Variability in tropical thermocline nutrient chemistry on the glacial/interglacial timescale

Abstract

Abstract The organic carbon to calcite rain ratio in the tropical ocean may play a role in regulating global climate through its influence on CO 2 draw down in the upper ocean. The rain ratio may be altered by changes in the nutrient chemistry of the thermocline. Such changes in the tropical Pacific are revealed by the carbon isotope values of thermocline-dwelling planktonic foraminifera ( Neogloboquadrina dutertrei ). The tropical Pacific record over the last 30 kyr in the region south, or along, the equator, which is fed by upwelling of deeper equatorial undercurrent water (EUC), shows a carbon isotope signal distinct from any other in global mixed-layer or benthic environments. This unique record is consistent across the Pacific. Unlike carbon isotope data from other basins and oceanic habitats, the tropical Pacific thermocline tracer shows last glacial values more positive than those of post-glacial times.

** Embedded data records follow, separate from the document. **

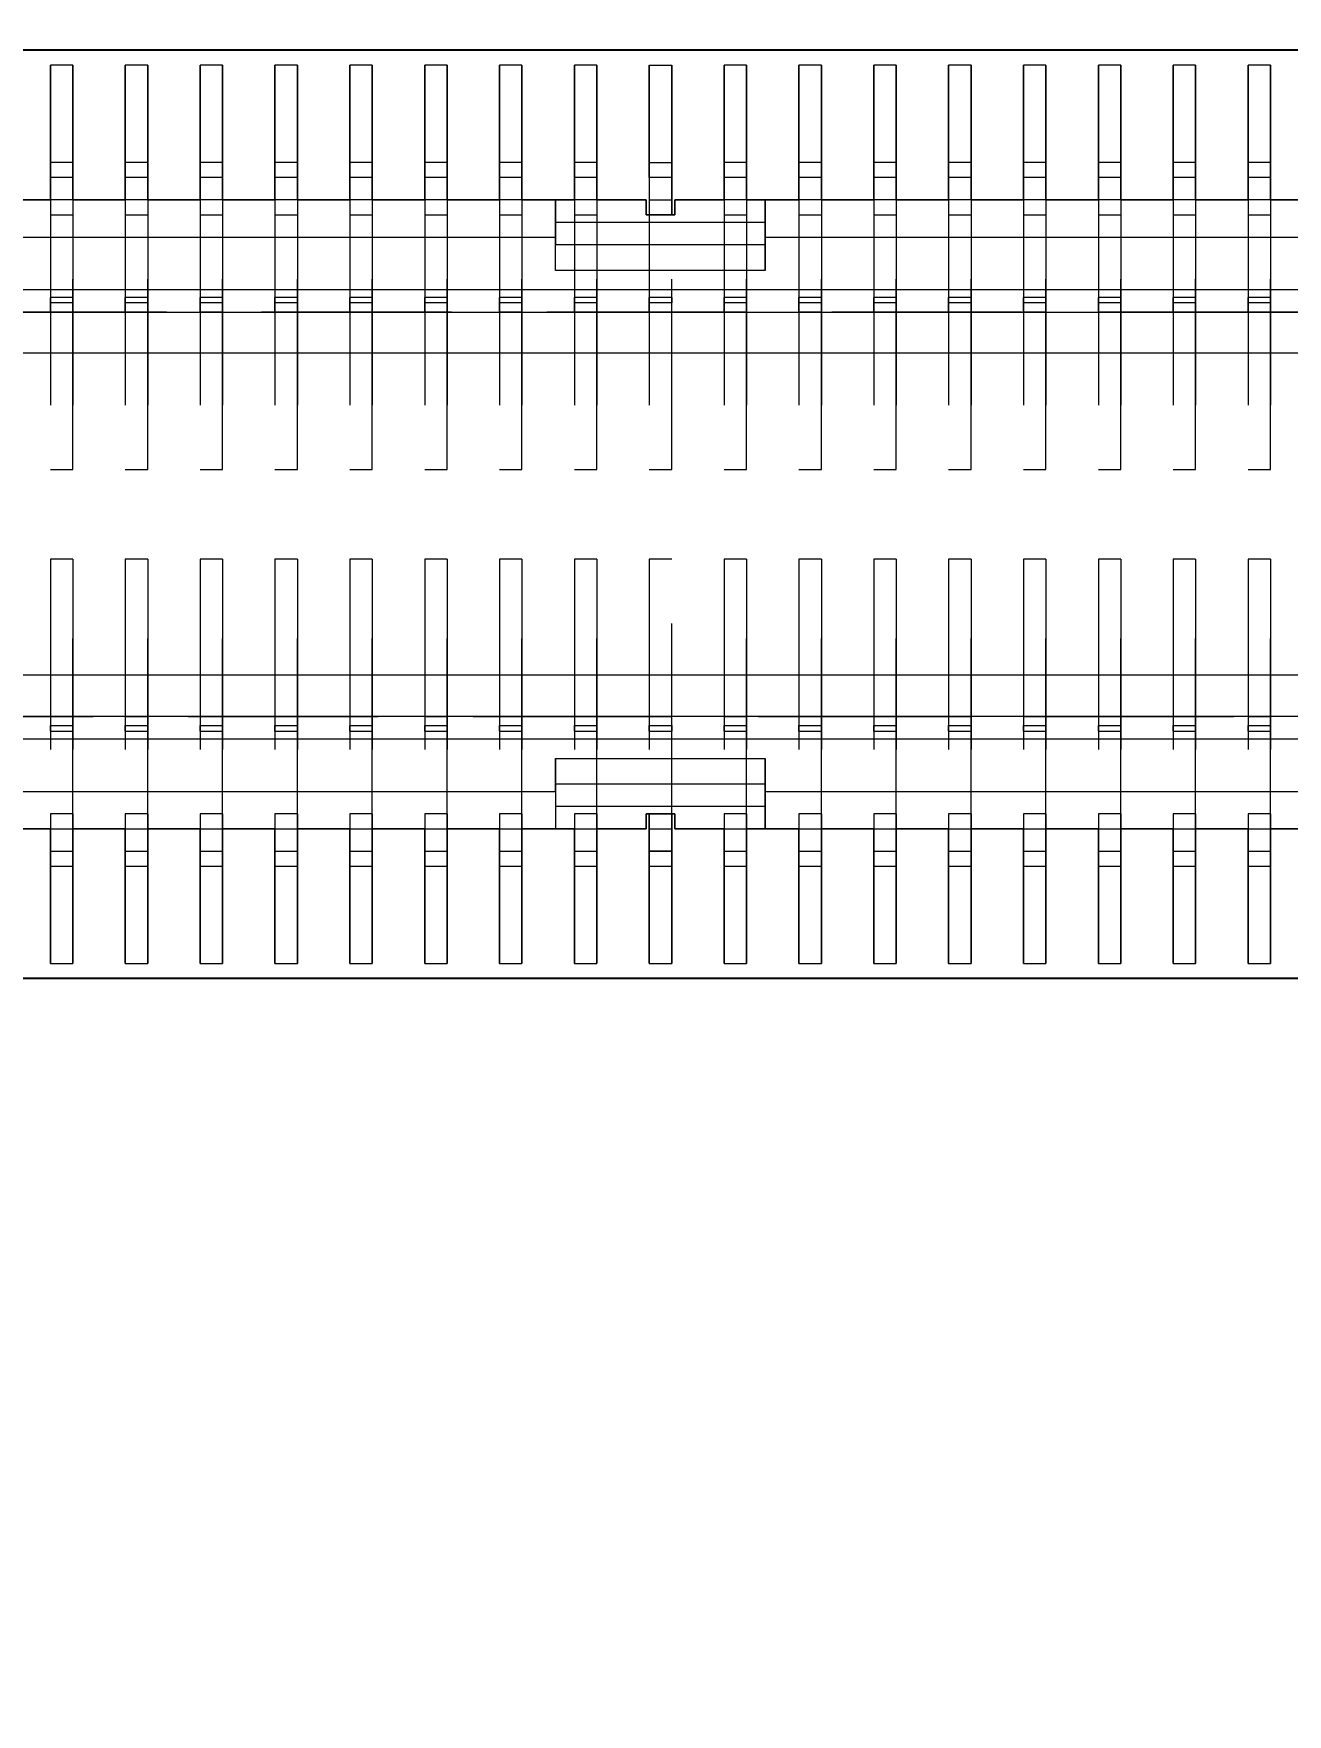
# Model space of a CAD drawing. Header units: millimetres. Extents: x 0 to 403, y 0 to 280.
# Drawn here: x 323.43 to 331.8, y 84.41 to 95.64 of the extents above; entities that cross this region are included whole.
import ezdxf

# ---------------------------------------------------------------- set-up
doc = ezdxf.new("R2010")
doc.units = ezdxf.units.MM
doc.linetypes.add('HIDDEN', pattern=[1.905, 1.27, -0.635])
doc.layers.add('DIM', color=1, linetype='Continuous')
doc.styles.add('SLDTEXTSTYLE0', font='romans__.ttf', dxfattribs={"width": 0.94})
doc.dimstyles.new('SLDDIMSTYLE7', dxfattribs={"dimtxt": 3, "dimasz": 2, "dimexe": 0, "dimexo": 0.0625, "dimgap": 0.75, "dimtad": 1, "dimrnd": 1e-09, "dimzin": 12, "dimdsep": 46, "dimtxsty": 'SLDTEXTSTYLE0', "dimsah": 1, "dimcen": 0.09, "dimadec": 0, "dimazin": 3, "dimtol": 1, "dimtp": 0.15, "dimtm": 0.15, "dimtfac": 1, "dimtofl": 0, "dimtmove": 0, "dimatfit": 3, "dimfxl": 1, "dimfrac": 2, "dimtolj": 1, "dimarcsym": 0})

# ---------------------------------------------------------------- blocks, each defined once
blk = doc.blocks.new('_D_56')
at = {"layer": 'DIM', "transparency": 16777216}
for p, q in [((303.963, 93.529), (303.963, 66.235)), ((365.763, 93.529), (365.763, 66.235)), ((365.763, 67.235), (303.963, 67.235))]:
    blk.add_line(p, q, dxfattribs=at)
for points in [[(303.963, 67.235), (305.963, 66.985), (305.963, 67.485)], [(365.763, 67.235), (363.763, 67.485), (363.763, 66.985)]]:
    blk.add_solid(points, dxfattribs=at)
at = {"layer": 'DIM', "transparency": 16777216, "char_height": 3, "attachment_point": 1, "style": 'SLDTEXTSTYLE0'}
for s, insert in [('61.80', (319.878, 71.256)), (' ±0.15', (332.924, 71.256))]:
    blk.add_mtext(s, dxfattribs=dict(at, insert=insert))
blk = doc.blocks.new('_D_57')
at = {"layer": 'DIM', "transparency": 16777216}
for p, q in [((301.934, 95.529), (301.934, 127.334)), ((362.731, 95.529), (300.934, 95.529)), ((301.934, 95.529), (301.934, 89.329)), ((362.963, 89.329), (300.934, 89.329))]:
    blk.add_line(p, q, dxfattribs=at)
for points in [[(301.934, 95.529), (301.684, 93.529), (302.184, 93.529)], [(301.934, 89.329), (302.184, 91.329), (301.684, 91.329)]]:
    blk.add_solid(points, dxfattribs=at)
at = {"layer": 'DIM', "transparency": 16777216, "char_height": 3, "attachment_point": 1, "rotation": 90, "style": 'SLDTEXTSTYLE0'}
for s, insert in [(' ±0.15', (297.913, 110.409)), ('6.20', (297.913, 100.255))]:
    blk.add_mtext(s, dxfattribs=dict(at, insert=insert))

msp = doc.modelspace()

# ---------------------------------------------------------------- linework, layer by layer
at = {"color": 7, "linetype": 'Continuous', "lineweight": 0}
for p, q in [((323.688, 95.429), (323.538, 95.429)), ((323.538, 94.779), (323.538, 95.429)), ((323.688, 94.779), (323.688, 95.429)), ((324.188, 95.429), (324.038, 95.429)), ((324.038, 94.779), (324.038, 95.429)), ((324.188, 94.779), (324.188, 95.429)), ((324.688, 95.429), (324.538, 95.429)), ((324.538, 94.779), (324.538, 95.429)), ((324.688, 94.779), (324.688, 95.429)), ((325.188, 95.429), (325.038, 95.429)), ((325.038, 94.779), (325.038, 95.429)), ((325.188, 94.779), (325.188, 95.429)), ((325.688, 95.429), (325.538, 95.429)), ((325.538, 94.779), (325.538, 95.429)), ((325.688, 94.779), (325.688, 95.429)), ((326.188, 95.429), (326.038, 95.429)), ((326.038, 94.779), (326.038, 95.429)), ((326.188, 94.779), (326.188, 95.429)), ((326.688, 95.429), (326.538, 95.429)), ((326.538, 94.779), (326.538, 95.429)), ((326.688, 94.779), (326.688, 95.429)), ((327.188, 95.429), (327.038, 95.429)), ((327.038, 94.779), (327.038, 95.429)), ((327.188, 94.779), (327.188, 95.429)), ((327.538, 95.429), (327.688, 95.429)), ((327.538, 94.779), (327.538, 95.429)), ((327.688, 94.779), (327.688, 95.429)), ((328.188, 95.429), (328.038, 95.429)), ((328.038, 94.779), (328.038, 95.429)), ((328.188, 94.779), (328.188, 95.429)), ((328.688, 95.429), (328.538, 95.429)), ((328.538, 94.779), (328.538, 95.429)), ((328.688, 94.779), (328.688, 95.429)), ((329.188, 95.429), (329.038, 95.429)), ((329.038, 94.779), (329.038, 95.429)), ((329.188, 94.779), (329.188, 95.429)), ((329.688, 95.429), (329.538, 95.429)), ((329.538, 94.779), (329.538, 95.429)), ((329.688, 94.779), (329.688, 95.429)), ((330.188, 95.429), (330.038, 95.429)), ((330.038, 94.779), (330.038, 95.429)), ((330.188, 94.779), (330.188, 95.429)), ((330.688, 95.429), (330.538, 95.429)), ((330.538, 94.779), (330.538, 95.429)), ((330.688, 94.779), (330.688, 95.429)), ((331.188, 95.429), (331.038, 95.429)), ((331.038, 94.779), (331.038, 95.429)), ((331.188, 94.779), (331.188, 95.429)), ((331.688, 95.429), (331.538, 95.429)), ((331.538, 94.779), (331.538, 95.429)), ((331.688, 94.779), (331.688, 95.429)), ((323.688, 94.779), (323.538, 94.779)), ((323.538, 94.679), (323.538, 94.779)), ((323.688, 94.679), (323.688, 94.779)), ((324.188, 94.779), (324.038, 94.779)), ((324.038, 94.679), (324.038, 94.779)), ((324.188, 94.679), (324.188, 94.779)), ((324.688, 94.779), (324.538, 94.779)), ((324.538, 94.679), (324.538, 94.779)), ((324.688, 94.679), (324.688, 94.779)), ((325.188, 94.779), (325.038, 94.779)), ((325.038, 94.679), (325.038, 94.779)), ((325.188, 94.679), (325.188, 94.779)), ((325.688, 94.779), (325.538, 94.779)), ((325.538, 94.679), (325.538, 94.779)), ((325.688, 94.679), (325.688, 94.779)), ((326.188, 94.779), (326.038, 94.779)), ((326.038, 94.679), (326.038, 94.779)), ((326.188, 94.679), (326.188, 94.779)), ((326.688, 94.779), (326.538, 94.779)), ((326.538, 94.679), (326.538, 94.779)), ((326.688, 94.679), (326.688, 94.779)), ((327.188, 94.779), (327.038, 94.779)), ((327.038, 94.679), (327.038, 94.779)), ((327.188, 94.679), (327.188, 94.779)), ((327.538, 94.779), (327.688, 94.779)), ((327.538, 94.679), (327.538, 94.779)), ((327.688, 94.679), (327.688, 94.779)), ((328.188, 94.779), (328.038, 94.779)), ((328.038, 94.679), (328.038, 94.779)), ((328.188, 94.679), (328.188, 94.779)), ((328.688, 94.779), (328.538, 94.779)), ((328.538, 94.679), (328.538, 94.779)), ((328.688, 94.679), (328.688, 94.779)), ((329.188, 94.779), (329.038, 94.779)), ((329.038, 94.679), (329.038, 94.779)), ((329.188, 94.679), (329.188, 94.779)), ((329.688, 94.779), (329.538, 94.779)), ((329.538, 94.679), (329.538, 94.779)), ((329.688, 94.679), (329.688, 94.779)), ((330.188, 94.779), (330.038, 94.779)), ((330.038, 94.679), (330.038, 94.779)), ((330.188, 94.679), (330.188, 94.779)), ((330.688, 94.779), (330.538, 94.779)), ((330.538, 94.679), (330.538, 94.779)), ((330.688, 94.679), (330.688, 94.779)), ((331.188, 94.779), (331.038, 94.779)), ((331.038, 94.679), (331.038, 94.779)), ((331.188, 94.679), (331.188, 94.779)), ((331.688, 94.779), (331.538, 94.779)), ((331.538, 94.679), (331.538, 94.779)), ((331.688, 94.679), (331.688, 94.779)), ((323.688, 94.679), (323.538, 94.679)), ((323.538, 94.529), (323.538, 94.679)), ((323.688, 94.529), (323.688, 94.679)), ((324.188, 94.679), (324.038, 94.679)), ((324.038, 94.529), (324.038, 94.679)), ((324.188, 94.529), (324.188, 94.679)), ((324.688, 94.679), (324.538, 94.679)), ((324.538, 94.529), (324.538, 94.679)), ((324.688, 94.529), (324.688, 94.679)), ((325.188, 94.679), (325.038, 94.679)), ((325.038, 94.529), (325.038, 94.679)), ((325.188, 94.529), (325.188, 94.679)), ((325.688, 94.679), (325.538, 94.679)), ((325.538, 94.529), (325.538, 94.679)), ((325.688, 94.529), (325.688, 94.679)), ((326.188, 94.679), (326.038, 94.679)), ((326.038, 94.529), (326.038, 94.679)), ((326.188, 94.529), (326.188, 94.679)), ((326.688, 94.679), (326.538, 94.679)), ((326.538, 94.529), (326.538, 94.679)), ((326.688, 94.529), (326.688, 94.679)), ((327.188, 94.679), (327.038, 94.679)), ((327.038, 94.529), (327.038, 94.679)), ((327.188, 94.529), (327.188, 94.679)), ((327.538, 94.679), (327.538, 94.429)), ((327.688, 94.679), (327.538, 94.679)), ((327.688, 94.429), (327.688, 94.679)), ((328.188, 94.679), (328.038, 94.679)), ((328.038, 94.529), (328.038, 94.679)), ((328.188, 94.529), (328.188, 94.679)), ((328.688, 94.679), (328.538, 94.679)), ((328.538, 94.529), (328.538, 94.679)), ((328.688, 94.529), (328.688, 94.679)), ((329.188, 94.679), (329.038, 94.679)), ((329.038, 94.529), (329.038, 94.679)), ((329.188, 94.529), (329.188, 94.679)), ((329.688, 94.679), (329.538, 94.679)), ((329.538, 94.529), (329.538, 94.679)), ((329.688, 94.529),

The isotopic shift occurs in the early deglacial (20–17 kyr) and leads to a deglacial carbon isotope minimum whose timing differs from that seen elsewhere. The deglacial record of the Pacific seems best interpreted as the progressive development of the modern, nutrient-rich thermocline under high-nutrient low-chlorophyll (HNLC) conditions. The eastern tropical Atlantic also has a unique glacial to modern carbon isotope record that is essentially opposite to that seen in the Pacific. Strongly negative values in glacial times differ from those of the ‘standard stratified’ ocean, indicating higher nutrient concentrations. A large shift to more positive values occurs rapidly at about 13–14 kyr. This indicates a marked reduction in thermocline nutrients. The implication is that nutrient flow to the tropics from the deep ocean (via sub-Antarctic sources) was stronger for the Atlantic during the glacial, but was weaker in the Pacific. Transformation to modern conditions occurred in two steps, at 17–18 and 13–14 kyr, a timing that matches shifts in atmospheric CO 2 concentrations and which would be compatible with driving those concentrations higher over deglacial time. The mechanism could be an inherent difference in production regimes between the tropical Pacific and Atlantic.